Data for analysis START
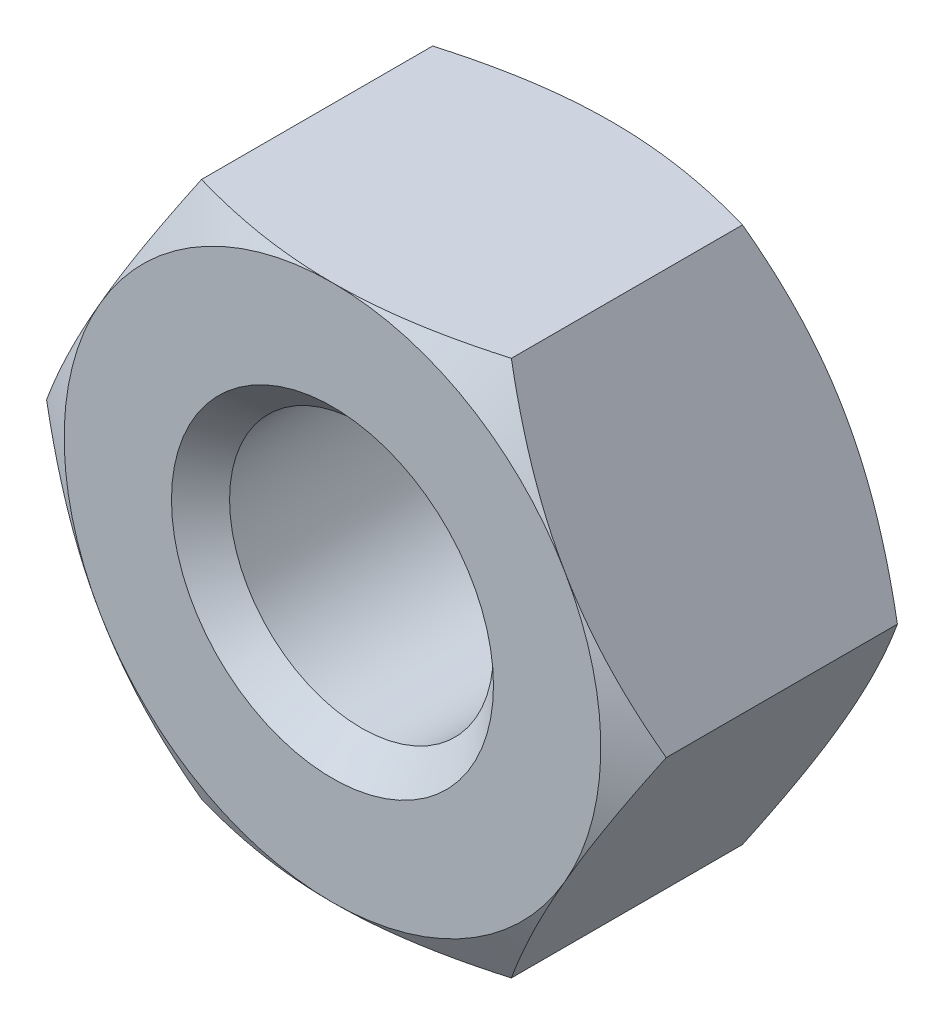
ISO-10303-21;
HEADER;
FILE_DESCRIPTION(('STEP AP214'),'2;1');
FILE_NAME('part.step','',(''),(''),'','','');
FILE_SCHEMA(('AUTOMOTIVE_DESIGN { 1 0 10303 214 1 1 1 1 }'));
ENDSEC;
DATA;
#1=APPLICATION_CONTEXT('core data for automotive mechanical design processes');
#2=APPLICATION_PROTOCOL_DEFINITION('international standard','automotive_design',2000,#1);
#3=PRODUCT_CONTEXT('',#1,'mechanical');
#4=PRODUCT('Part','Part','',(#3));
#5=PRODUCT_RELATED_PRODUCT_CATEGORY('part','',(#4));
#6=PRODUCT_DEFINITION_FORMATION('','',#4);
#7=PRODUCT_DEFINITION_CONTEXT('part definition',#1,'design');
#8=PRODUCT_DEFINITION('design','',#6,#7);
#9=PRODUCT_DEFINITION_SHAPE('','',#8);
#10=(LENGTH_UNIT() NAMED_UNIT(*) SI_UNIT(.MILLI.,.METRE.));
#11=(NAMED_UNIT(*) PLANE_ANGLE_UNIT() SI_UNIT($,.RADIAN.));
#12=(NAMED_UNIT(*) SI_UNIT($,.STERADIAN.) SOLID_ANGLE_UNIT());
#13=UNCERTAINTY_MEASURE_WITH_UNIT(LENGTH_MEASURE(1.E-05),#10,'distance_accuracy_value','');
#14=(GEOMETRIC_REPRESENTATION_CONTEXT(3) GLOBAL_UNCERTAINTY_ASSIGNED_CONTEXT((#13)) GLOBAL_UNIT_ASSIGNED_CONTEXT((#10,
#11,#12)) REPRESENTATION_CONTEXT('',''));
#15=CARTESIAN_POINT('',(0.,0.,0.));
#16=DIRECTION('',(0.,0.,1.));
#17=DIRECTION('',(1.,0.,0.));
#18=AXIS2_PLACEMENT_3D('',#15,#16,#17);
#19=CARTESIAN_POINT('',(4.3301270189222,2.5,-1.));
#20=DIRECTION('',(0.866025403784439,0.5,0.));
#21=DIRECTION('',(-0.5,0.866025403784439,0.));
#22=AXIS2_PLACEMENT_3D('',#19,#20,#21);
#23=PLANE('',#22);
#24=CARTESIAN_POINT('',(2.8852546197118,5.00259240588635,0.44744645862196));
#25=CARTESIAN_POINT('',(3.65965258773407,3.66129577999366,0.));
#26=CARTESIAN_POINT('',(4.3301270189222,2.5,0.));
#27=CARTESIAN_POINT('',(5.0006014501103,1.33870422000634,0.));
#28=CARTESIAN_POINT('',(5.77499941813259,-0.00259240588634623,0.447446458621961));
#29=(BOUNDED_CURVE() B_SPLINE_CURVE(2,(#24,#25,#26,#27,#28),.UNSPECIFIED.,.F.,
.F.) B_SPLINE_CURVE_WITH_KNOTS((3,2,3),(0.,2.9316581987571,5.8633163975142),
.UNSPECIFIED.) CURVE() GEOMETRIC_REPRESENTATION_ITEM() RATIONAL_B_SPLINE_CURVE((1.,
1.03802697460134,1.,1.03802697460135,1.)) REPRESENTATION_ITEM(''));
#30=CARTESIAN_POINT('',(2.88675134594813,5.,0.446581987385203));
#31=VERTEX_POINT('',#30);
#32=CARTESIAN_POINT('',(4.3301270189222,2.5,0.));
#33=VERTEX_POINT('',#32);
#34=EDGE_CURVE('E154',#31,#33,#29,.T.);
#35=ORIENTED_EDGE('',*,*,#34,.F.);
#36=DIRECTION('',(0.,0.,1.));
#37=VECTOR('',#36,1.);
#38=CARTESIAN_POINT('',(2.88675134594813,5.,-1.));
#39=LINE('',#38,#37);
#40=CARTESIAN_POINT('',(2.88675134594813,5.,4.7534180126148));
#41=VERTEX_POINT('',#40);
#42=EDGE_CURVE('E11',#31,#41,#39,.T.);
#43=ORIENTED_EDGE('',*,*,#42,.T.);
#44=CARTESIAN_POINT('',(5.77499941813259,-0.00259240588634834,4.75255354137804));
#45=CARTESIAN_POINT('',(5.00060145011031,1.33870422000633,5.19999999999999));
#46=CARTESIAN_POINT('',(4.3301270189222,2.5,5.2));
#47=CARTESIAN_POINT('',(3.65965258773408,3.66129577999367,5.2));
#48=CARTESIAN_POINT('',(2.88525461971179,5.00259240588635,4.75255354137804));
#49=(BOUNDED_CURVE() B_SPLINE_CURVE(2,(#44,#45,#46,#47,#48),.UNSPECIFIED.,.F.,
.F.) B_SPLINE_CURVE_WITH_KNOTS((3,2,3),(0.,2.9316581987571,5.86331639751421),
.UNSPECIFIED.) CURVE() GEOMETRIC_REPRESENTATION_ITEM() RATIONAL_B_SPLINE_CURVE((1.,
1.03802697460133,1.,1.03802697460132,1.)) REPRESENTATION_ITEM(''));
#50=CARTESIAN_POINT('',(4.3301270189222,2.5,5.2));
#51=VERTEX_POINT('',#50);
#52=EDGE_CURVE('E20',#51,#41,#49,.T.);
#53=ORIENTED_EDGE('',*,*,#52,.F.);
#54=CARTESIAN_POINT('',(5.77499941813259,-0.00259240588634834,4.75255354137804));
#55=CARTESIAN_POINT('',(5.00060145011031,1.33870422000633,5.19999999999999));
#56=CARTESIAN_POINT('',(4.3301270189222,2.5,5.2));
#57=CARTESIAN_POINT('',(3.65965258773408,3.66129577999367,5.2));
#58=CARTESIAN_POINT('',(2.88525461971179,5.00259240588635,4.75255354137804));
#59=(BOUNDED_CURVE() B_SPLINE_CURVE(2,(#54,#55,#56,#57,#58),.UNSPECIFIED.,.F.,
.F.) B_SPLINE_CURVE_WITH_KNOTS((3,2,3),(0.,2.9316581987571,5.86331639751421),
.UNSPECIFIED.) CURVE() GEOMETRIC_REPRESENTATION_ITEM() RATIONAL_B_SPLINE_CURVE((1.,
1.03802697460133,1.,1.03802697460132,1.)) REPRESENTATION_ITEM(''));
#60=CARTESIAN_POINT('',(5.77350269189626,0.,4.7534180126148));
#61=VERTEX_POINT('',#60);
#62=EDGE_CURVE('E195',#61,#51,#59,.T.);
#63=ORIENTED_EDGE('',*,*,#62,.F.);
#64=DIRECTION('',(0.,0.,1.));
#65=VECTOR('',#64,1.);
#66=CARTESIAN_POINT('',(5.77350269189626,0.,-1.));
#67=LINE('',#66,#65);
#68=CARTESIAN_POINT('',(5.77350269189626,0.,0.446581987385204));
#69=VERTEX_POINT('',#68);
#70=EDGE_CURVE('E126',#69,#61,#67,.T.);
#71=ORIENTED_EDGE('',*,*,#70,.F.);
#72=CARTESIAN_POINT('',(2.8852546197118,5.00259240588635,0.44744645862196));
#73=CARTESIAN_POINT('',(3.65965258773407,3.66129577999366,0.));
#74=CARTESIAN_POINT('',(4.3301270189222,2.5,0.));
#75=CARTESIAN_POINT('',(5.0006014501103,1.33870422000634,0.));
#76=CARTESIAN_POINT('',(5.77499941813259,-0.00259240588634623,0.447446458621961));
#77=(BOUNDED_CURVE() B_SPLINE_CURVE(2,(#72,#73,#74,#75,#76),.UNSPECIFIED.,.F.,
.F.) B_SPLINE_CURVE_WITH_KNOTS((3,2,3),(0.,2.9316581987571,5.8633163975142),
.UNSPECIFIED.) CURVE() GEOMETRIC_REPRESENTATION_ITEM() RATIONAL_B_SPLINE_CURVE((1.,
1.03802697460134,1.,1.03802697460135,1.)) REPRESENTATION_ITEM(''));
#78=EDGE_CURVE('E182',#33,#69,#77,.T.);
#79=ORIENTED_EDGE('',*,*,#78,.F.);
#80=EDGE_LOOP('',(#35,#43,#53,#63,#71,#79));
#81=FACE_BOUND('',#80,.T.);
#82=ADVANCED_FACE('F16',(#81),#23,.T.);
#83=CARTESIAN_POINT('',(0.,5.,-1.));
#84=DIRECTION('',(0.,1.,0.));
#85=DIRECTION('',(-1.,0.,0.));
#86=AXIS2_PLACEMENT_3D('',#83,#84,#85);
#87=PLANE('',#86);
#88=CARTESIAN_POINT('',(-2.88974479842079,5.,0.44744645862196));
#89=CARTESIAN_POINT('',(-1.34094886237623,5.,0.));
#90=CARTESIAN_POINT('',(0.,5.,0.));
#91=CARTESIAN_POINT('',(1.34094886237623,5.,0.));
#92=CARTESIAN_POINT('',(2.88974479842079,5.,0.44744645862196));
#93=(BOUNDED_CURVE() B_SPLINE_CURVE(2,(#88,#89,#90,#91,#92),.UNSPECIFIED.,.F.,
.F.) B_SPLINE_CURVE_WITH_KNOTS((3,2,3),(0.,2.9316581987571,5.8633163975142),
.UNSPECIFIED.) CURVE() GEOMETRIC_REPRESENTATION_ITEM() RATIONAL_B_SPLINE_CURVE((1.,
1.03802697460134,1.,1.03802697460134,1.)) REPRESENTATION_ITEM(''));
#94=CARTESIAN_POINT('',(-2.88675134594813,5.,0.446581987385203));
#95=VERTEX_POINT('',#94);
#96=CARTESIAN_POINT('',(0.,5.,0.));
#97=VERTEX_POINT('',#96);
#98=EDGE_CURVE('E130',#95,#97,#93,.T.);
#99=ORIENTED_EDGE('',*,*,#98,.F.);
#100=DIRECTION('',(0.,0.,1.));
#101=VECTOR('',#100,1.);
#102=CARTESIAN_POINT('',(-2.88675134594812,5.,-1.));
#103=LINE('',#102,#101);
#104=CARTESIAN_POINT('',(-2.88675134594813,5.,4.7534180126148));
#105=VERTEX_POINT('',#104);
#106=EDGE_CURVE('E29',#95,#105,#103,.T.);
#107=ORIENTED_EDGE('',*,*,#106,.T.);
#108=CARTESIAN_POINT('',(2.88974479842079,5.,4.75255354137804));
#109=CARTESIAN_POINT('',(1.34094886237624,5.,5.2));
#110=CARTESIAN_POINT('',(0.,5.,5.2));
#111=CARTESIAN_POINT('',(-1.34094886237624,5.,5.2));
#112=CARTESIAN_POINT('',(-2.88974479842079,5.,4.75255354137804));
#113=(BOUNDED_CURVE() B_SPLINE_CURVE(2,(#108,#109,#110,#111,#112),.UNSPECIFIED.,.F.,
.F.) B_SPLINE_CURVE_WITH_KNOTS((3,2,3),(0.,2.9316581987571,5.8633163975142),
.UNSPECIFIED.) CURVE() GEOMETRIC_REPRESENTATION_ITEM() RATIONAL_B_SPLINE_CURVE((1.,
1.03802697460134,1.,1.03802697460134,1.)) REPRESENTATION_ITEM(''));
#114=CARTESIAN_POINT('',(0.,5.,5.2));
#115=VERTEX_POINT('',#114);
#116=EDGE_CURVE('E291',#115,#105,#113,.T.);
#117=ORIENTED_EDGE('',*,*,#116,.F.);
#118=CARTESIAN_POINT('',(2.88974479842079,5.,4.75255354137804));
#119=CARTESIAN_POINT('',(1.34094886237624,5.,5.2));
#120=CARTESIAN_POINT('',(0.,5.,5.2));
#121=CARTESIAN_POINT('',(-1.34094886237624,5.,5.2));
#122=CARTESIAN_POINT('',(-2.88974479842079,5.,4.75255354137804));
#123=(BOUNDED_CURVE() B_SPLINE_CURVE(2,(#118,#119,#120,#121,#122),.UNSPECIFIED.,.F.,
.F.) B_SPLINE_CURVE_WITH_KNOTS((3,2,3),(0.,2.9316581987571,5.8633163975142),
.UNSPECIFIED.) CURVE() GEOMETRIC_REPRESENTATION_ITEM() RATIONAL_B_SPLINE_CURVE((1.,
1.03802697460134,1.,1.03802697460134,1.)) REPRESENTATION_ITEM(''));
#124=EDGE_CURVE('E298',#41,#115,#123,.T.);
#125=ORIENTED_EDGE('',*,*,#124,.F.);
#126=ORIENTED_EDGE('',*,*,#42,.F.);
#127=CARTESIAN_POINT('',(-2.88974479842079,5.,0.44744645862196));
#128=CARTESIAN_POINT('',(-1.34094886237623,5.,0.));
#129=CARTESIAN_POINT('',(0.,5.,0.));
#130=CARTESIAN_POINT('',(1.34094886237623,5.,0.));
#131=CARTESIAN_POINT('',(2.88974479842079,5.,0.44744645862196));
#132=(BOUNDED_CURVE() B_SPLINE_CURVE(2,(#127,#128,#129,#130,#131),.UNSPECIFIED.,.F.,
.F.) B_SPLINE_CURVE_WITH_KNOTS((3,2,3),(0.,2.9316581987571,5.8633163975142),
Data for analysis END
**Work order:** Give back exactly the lines above, from the line containing "#4=PRODUCT('Part','Part','',(#3));" through the line containing "#42=EDGE_CURVE('E11',#31,#41,#39,.T.);", with both end lines and nothing more.

**Answer to this exercise:**
#4=PRODUCT('Part','Part','',(#3));
#5=PRODUCT_RELATED_PRODUCT_CATEGORY('part','',(#4));
#6=PRODUCT_DEFINITION_FORMATION('','',#4);
#7=PRODUCT_DEFINITION_CONTEXT('part definition',#1,'design');
#8=PRODUCT_DEFINITION('design','',#6,#7);
#9=PRODUCT_DEFINITION_SHAPE('','',#8);
#10=(LENGTH_UNIT() NAMED_UNIT(*) SI_UNIT(.MILLI.,.METRE.));
#11=(NAMED_UNIT(*) PLANE_ANGLE_UNIT() SI_UNIT($,.RADIAN.));
#12=(NAMED_UNIT(*) SI_UNIT($,.STERADIAN.) SOLID_ANGLE_UNIT());
#13=UNCERTAINTY_MEASURE_WITH_UNIT(LENGTH_MEASURE(1.E-05),#10,'distance_accuracy_value','');
#14=(GEOMETRIC_REPRESENTATION_CONTEXT(3) GLOBAL_UNCERTAINTY_ASSIGNED_CONTEXT((#13)) GLOBAL_UNIT_ASSIGNED_CONTEXT((#10,
#11,#12)) REPRESENTATION_CONTEXT('',''));
#15=CARTESIAN_POINT('',(0.,0.,0.));
#16=DIRECTION('',(0.,0.,1.));
#17=DIRECTION('',(1.,0.,0.));
#18=AXIS2_PLACEMENT_3D('',#15,#16,#17);
#19=CARTESIAN_POINT('',(4.3301270189222,2.5,-1.));
#20=DIRECTION('',(0.866025403784439,0.5,0.));
#21=DIRECTION('',(-0.5,0.866025403784439,0.));
#22=AXIS2_PLACEMENT_3D('',#19,#20,#21);
#23=PLANE('',#22);
#24=CARTESIAN_POINT('',(2.8852546197118,5.00259240588635,0.44744645862196));
#25=CARTESIAN_POINT('',(3.65965258773407,3.66129577999366,0.));
#26=CARTESIAN_POINT('',(4.3301270189222,2.5,0.));
#27=CARTESIAN_POINT('',(5.0006014501103,1.33870422000634,0.));
#28=CARTESIAN_POINT('',(5.77499941813259,-0.00259240588634623,0.447446458621961));
#29=(BOUNDED_CURVE() B_SPLINE_CURVE(2,(#24,#25,#26,#27,#28),.UNSPECIFIED.,.F.,
.F.) B_SPLINE_CURVE_WITH_KNOTS((3,2,3),(0.,2.9316581987571,5.8633163975142),
.UNSPECIFIED.) CURVE() GEOMETRIC_REPRESENTATION_ITEM() RATIONAL_B_SPLINE_CURVE((1.,
1.03802697460134,1.,1.03802697460135,1.)) REPRESENTATION_ITEM(''));
#30=CARTESIAN_POINT('',(2.88675134594813,5.,0.446581987385203));
#31=VERTEX_POINT('',#30);
#32=CARTESIAN_POINT('',(4.3301270189222,2.5,0.));
#33=VERTEX_POINT('',#32);
#34=EDGE_CURVE('E154',#31,#33,#29,.T.);
#35=ORIENTED_EDGE('',*,*,#34,.F.);
#36=DIRECTION('',(0.,0.,1.));
#37=VECTOR('',#36,1.);
#38=CARTESIAN_POINT('',(2.88675134594813,5.,-1.));
#39=LINE('',#38,#37);
#40=CARTESIAN_POINT('',(2.88675134594813,5.,4.7534180126148));
#41=VERTEX_POINT('',#40);
#42=EDGE_CURVE('E11',#31,#41,#39,.T.);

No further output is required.